As such in my view, the age of the complainant was not proved. Since age was an essential ingredient of the offence of defilement on which the appellant was convicted, that failure of the prosecution to establish the age of the complainant alone means the conviction for defilement cannot stand.
The other problem or weakness of the prosecution case, is that the identification of the appellant as the culprit was far from positive. The complainant merely said that the assailant was the appellant. It was at night, 8.00 Pm. Visibility was poor. Though the complainant said that there was moonlight, she did not describe how bright the moon was that night. It is of note that she was attacked from behind, and also became unconscious.
Though the learned magistrate warned herself before relying on the evidence of single identifying witness, to convict, and cited the case of Maitanyi –vs- Republic (1986) KLR 196 in my view the evidence of identification was not without the possibility of a mistake.
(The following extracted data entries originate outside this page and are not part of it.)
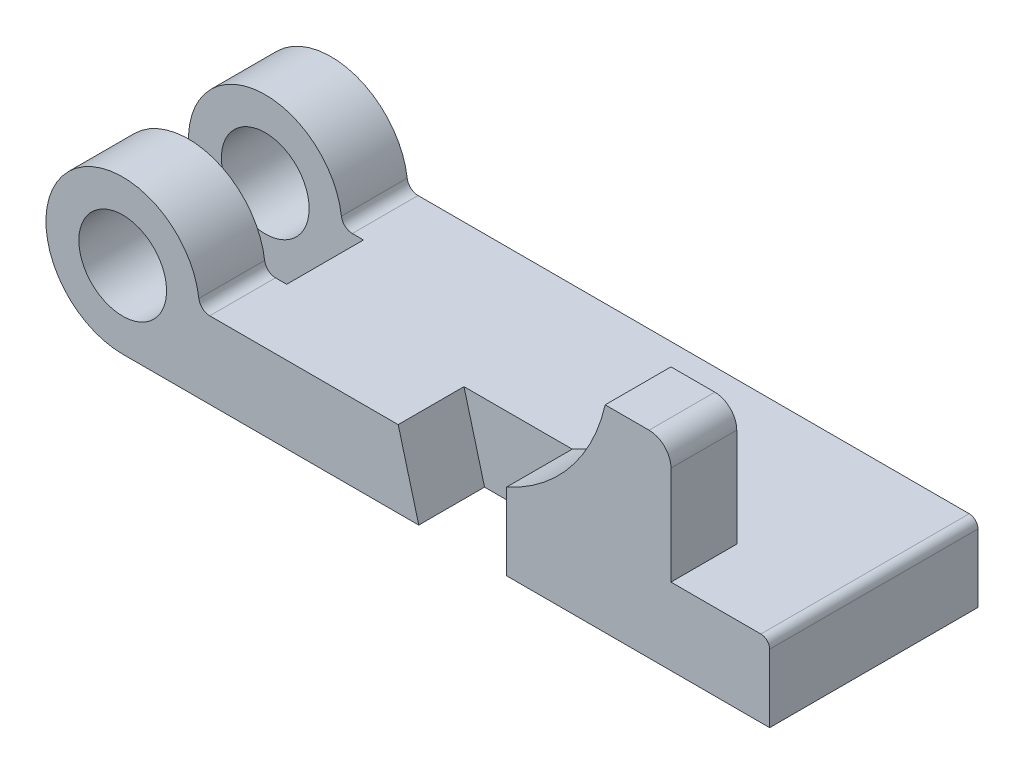
ISO-10303-21;
HEADER;
FILE_DESCRIPTION(('STEP AP214'),'2;1');
FILE_NAME('part.step','',(''),(''),'','','');
FILE_SCHEMA(('AUTOMOTIVE_DESIGN { 1 0 10303 214 1 1 1 1 }'));
ENDSEC;
DATA;
#1=APPLICATION_CONTEXT('core data for automotive mechanical design processes');
#2=APPLICATION_PROTOCOL_DEFINITION('international standard','automotive_design',2000,#1);
#3=PRODUCT_CONTEXT('',#1,'mechanical');
#4=PRODUCT('Part','Part','',(#3));
#5=PRODUCT_RELATED_PRODUCT_CATEGORY('part','',(#4));
#6=PRODUCT_DEFINITION_FORMATION('','',#4);
#7=PRODUCT_DEFINITION_CONTEXT('part definition',#1,'design');
#8=PRODUCT_DEFINITION('design','',#6,#7);
#9=PRODUCT_DEFINITION_SHAPE('','',#8);
#10=(LENGTH_UNIT() NAMED_UNIT(*) SI_UNIT(.MILLI.,.METRE.));
#11=(NAMED_UNIT(*) PLANE_ANGLE_UNIT() SI_UNIT($,.RADIAN.));
#12=(NAMED_UNIT(*) SI_UNIT($,.STERADIAN.) SOLID_ANGLE_UNIT());
#13=UNCERTAINTY_MEASURE_WITH_UNIT(LENGTH_MEASURE(1.E-05),#10,'distance_accuracy_value','');
#14=(GEOMETRIC_REPRESENTATION_CONTEXT(3) GLOBAL_UNCERTAINTY_ASSIGNED_CONTEXT((#13)) GLOBAL_UNIT_ASSIGNED_CONTEXT((#10,
#11,#12)) REPRESENTATION_CONTEXT('',''));
#15=CARTESIAN_POINT('',(0.,0.,0.));
#16=DIRECTION('',(0.,0.,1.));
#17=DIRECTION('',(1.,0.,0.));
#18=AXIS2_PLACEMENT_3D('',#15,#16,#17);
#19=CARTESIAN_POINT('',(0.,0.,11.1125));
#20=DIRECTION('',(0.,0.,1.));
#21=DIRECTION('',(1.,0.,0.));
#22=AXIS2_PLACEMENT_3D('',#19,#20,#21);
#23=PLANE('',#22);
#24=DIRECTION('',(1.,0.,0.));
#25=VECTOR('',#24,1.);
#26=CARTESIAN_POINT('',(0.,-22.225,11.1125));
#27=LINE('',#26,#25);
#28=CARTESIAN_POINT('',(85.725,-22.225,11.1125));
#29=VERTEX_POINT('',#28);
#30=CARTESIAN_POINT('',(111.125,-22.225,11.1125));
#31=VERTEX_POINT('',#30);
#32=EDGE_CURVE('E313',#29,#31,#27,.T.);
#33=ORIENTED_EDGE('',*,*,#32,.T.);
#34=DIRECTION('',(0.,-1.,0.));
#35=VECTOR('',#34,1.);
#36=CARTESIAN_POINT('',(111.125,0.,11.1125));
#37=LINE('',#36,#35);
#38=CARTESIAN_POINT('',(111.125,0.,11.1125));
#39=VERTEX_POINT('',#38);
#40=EDGE_CURVE('E53',#39,#31,#37,.T.);
#41=ORIENTED_EDGE('',*,*,#40,.F.);
#42=DIRECTION('',(-1.,0.,0.));
#43=VECTOR('',#42,1.);
#44=CARTESIAN_POINT('',(0.,0.,11.1125));
#45=LINE('',#44,#43);
#46=CARTESIAN_POINT('',(79.7698291982182,0.,11.1125));
#47=VERTEX_POINT('',#46);
#48=EDGE_CURVE('E315',#39,#47,#45,.T.);
#49=ORIENTED_EDGE('',*,*,#48,.T.);
#50=DIRECTION('',(-0.258819045102525,0.965925826289067,0.));
#51=VECTOR('',#50,1.);
#52=CARTESIAN_POINT('',(74.4262638697102,19.9424572995548,11.1125));
#53=LINE('',#52,#51);
#54=EDGE_CURVE('E305',#29,#47,#53,.T.);
#55=ORIENTED_EDGE('',*,*,#54,.F.);
#56=EDGE_LOOP('',(#33,#41,#49,#55));
#57=FACE_BOUND('',#56,.T.);
#58=ADVANCED_FACE('F35',(#57),#23,.T.);
#59=CARTESIAN_POINT('',(0.,-22.225,11.1125));
#60=DIRECTION('',(0.,1.,0.));
#61=DIRECTION('',(0.,0.,1.));
#62=AXIS2_PLACEMENT_3D('',#59,#60,#61);
#63=PLANE('',#62);
#64=DIRECTION('',(0.,0.,-1.));
#65=VECTOR('',#64,1.);
#66=CARTESIAN_POINT('',(41.275,-22.225,11.1125));
#67=LINE('',#66,#65);
#68=CARTESIAN_POINT('',(41.275,-22.225,11.1125));
#69=VERTEX_POINT('',#68);
#70=CARTESIAN_POINT('',(41.275,-22.225,-11.1125));
#71=VERTEX_POINT('',#70);
#72=EDGE_CURVE('E333',#69,#71,#67,.T.);
#73=ORIENTED_EDGE('',*,*,#72,.T.);
#74=DIRECTION('',(1.,0.,0.));
#75=VECTOR('',#74,1.);
#76=CARTESIAN_POINT('',(0.,-22.225,-11.1125));
#77=LINE('',#76,#75);
#78=CARTESIAN_POINT('',(0.,-22.225,-11.1125));
#79=VERTEX_POINT('',#78);
#80=EDGE_CURVE('E214',#79,#71,#77,.T.);
#81=ORIENTED_EDGE('',*,*,#80,.F.);
#82=DIRECTION('',(0.,0.,1.));
#83=VECTOR('',#82,1.);
#84=CARTESIAN_POINT('',(0.,-22.225,-30.1625));
#85=LINE('',#84,#83);
#86=CARTESIAN_POINT('',(0.,-22.225,-30.1625));
#87=VERTEX_POINT('',#86);
#88=EDGE_CURVE('E179',#87,#79,#85,.T.);
#89=ORIENTED_EDGE('',*,*,#88,.F.);
#90=DIRECTION('',(1.,0.,0.));
#91=VECTOR('',#90,1.);
#92=CARTESIAN_POINT('',(0.,-22.225,-30.1625));
#93=LINE('',#92,#91);
#94=CARTESIAN_POINT('',(187.325,-22.225,-30.1625));
#95=VERTEX_POINT('',#94);
#96=EDGE_CURVE('E197',#87,#95,#93,.T.);
#97=ORIENTED_EDGE('',*,*,#96,.T.);
#98=DIRECTION('',(0.,0.,-1.));
#99=VECTOR('',#98,1.);
#100=CARTESIAN_POINT('',(187.325,-22.225,11.1125));
#101=LINE('',#100,#99);
#102=CARTESIAN_POINT('',(187.325,-22.225,30.1625));
#103=VERTEX_POINT('',#102);
#104=EDGE_CURVE('E11',#103,#95,#101,.T.);
#105=ORIENTED_EDGE('',*,*,#104,.F.);
#106=DIRECTION('',(1.,0.,0.));
#107=VECTOR('',#106,1.);
#108=CARTESIAN_POINT('',(0.,-22.225,30.1625));
#109=LINE('',#108,#107);
#110=CARTESIAN_POINT('',(111.125,-22.225,30.1625));
#111=VERTEX_POINT('',#110);
#112=EDGE_CURVE('E244',#111,#103,#109,.T.);
#113=ORIENTED_EDGE('',*,*,#112,.F.);
#114=DIRECTION('',(0.,0.,-1.));
#115=VECTOR('',#114,1.);
#116=CARTESIAN_POINT('',(111.125,-22.225,30.1625));
#117=LINE('',#116,#115);
#118=EDGE_CURVE('E247',#111,#31,#117,.T.);
#119=ORIENTED_EDGE('',*,*,#118,.T.);
#120=ORIENTED_EDGE('',*,*,#32,.F.);
#121=DIRECTION('',(0.,0.,-1.));
#122=VECTOR('',#121,1.);
#123=CARTESIAN_POINT('',(85.725,-22.225,30.1625));
#124=LINE('',#123,#122);
#125=CARTESIAN_POINT('',(85.725,-22.225,30.1625));
#126=VERTEX_POINT('',#125);
#127=EDGE_CURVE('E320',#126,#29,#124,.T.);
#128=ORIENTED_EDGE('',*,*,#127,.F.);
#129=DIRECTION('',(1.,0.,0.));
#130=VECTOR('',#129,1.);
#131=CARTESIAN_POINT('',(0.,-22.225,30.1625));
#132=LINE('',#131,#130);
#133=CARTESIAN_POINT('',(0.,-22.225,30.1625));
#134=VERTEX_POINT('',#133);
#135=EDGE_CURVE('E281',#134,#126,#132,.T.);
#136=ORIENTED_EDGE('',*,*,#135,.F.);
#137=DIRECTION('',(0.,0.,-1.));
#138=VECTOR('',#137,1.);
#139=CARTESIAN_POINT('',(0.,-22.225,30.1625));
#140=LINE('',#139,#138);
#141=CARTESIAN_POINT('',(0.,-22.225,11.1125));
#142=VERTEX_POINT('',#141);
#143=EDGE_CURVE('E327',#134,#142,#140,.T.);
#144=ORIENTED_EDGE('',*,*,#143,.T.);
#145=DIRECTION('',(1.,0.,0.));
#146=VECTOR('',#145,1.);
#147=CARTESIAN_POINT('',(0.,-22.225,11.1125));
#148=LINE('',#147,#146);
#149=EDGE_CURVE('E296',#142,#69,#148,.T.);
#150=ORIENTED_EDGE('',*,*,#149,.T.);
#151=EDGE_LOOP('',(#73,#81,#89,#97,#105,#113,#119,#120,#128,#136,#144,#150));
#152=FACE_BOUND('',#151,.T.);
#153=ADVANCED_FACE('F37',(#152),#63,.F.);
#154=CARTESIAN_POINT('',(187.325,0.,11.1125));
#155=DIRECTION('',(-1.,0.,0.));
#156=DIRECTION('',(0.,0.,1.));
#157=AXIS2_PLACEMENT_3D('',#154,#155,#156);
#158=PLANE('',#157);
#159=ORIENTED_EDGE('',*,*,#104,.T.);
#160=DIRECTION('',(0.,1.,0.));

The other reason why this appeal will succeed is that crucial witnesses such as the mother of the complainant to whom the first report was made was not called by the prosecution to testify in court and no reason was given for the same. The investigating officer was also not called by the prosecution to testify and no explanation was given for such failure. The net effect of this created a big gap in the prosecution case and the benefit of the doubt so created has to be given to the appellant and I do so. I rely on the case of Bukenya –vs- Uganda (1972) EA 549, at page 550 where the court of Appeal for East Africa stated:-
“------- while the Director is not obliged to call superfluity of witnesses, if he calls evidence which is barely adequate and it appears that there are other witnesses who were not called, the court is entitled under the general law of evidence, to draw an inference that the evidence of those witnesses if called would have been and would have tendered to be adverse to the prosecution case.”
The complainant might have been assaulted and possibly even defiled. However the evidence of the prosecution on record falls far short of establishing that the appellant was the culprit.
The appellant gave his version of the story saying that M M Pw2 was his employer who had failed to pay him his wages for 2 months. His story appears credible when weighed against that of the prosecution evidence. It is quite possible that he was framed. Since the burden is always on the prosecution to prove a case against an accused person beyond reasonable doubt, and an accused person does not have a burden to prove his innocence, the pendulum swings in favour of the appellant.
I find that the prosecution did not prove its case against the appellant on any of the charges brought against him. I will thus quash the conviction and set aside the sentence.
Consequently and for the above reasons, I allow the appeal, quash the conviction and set aside the sentence. I order that the appellant be set at liberty forthwith unless otherwise lawfully held.
Dated and delivered at Garissa this 11th day of October 2016.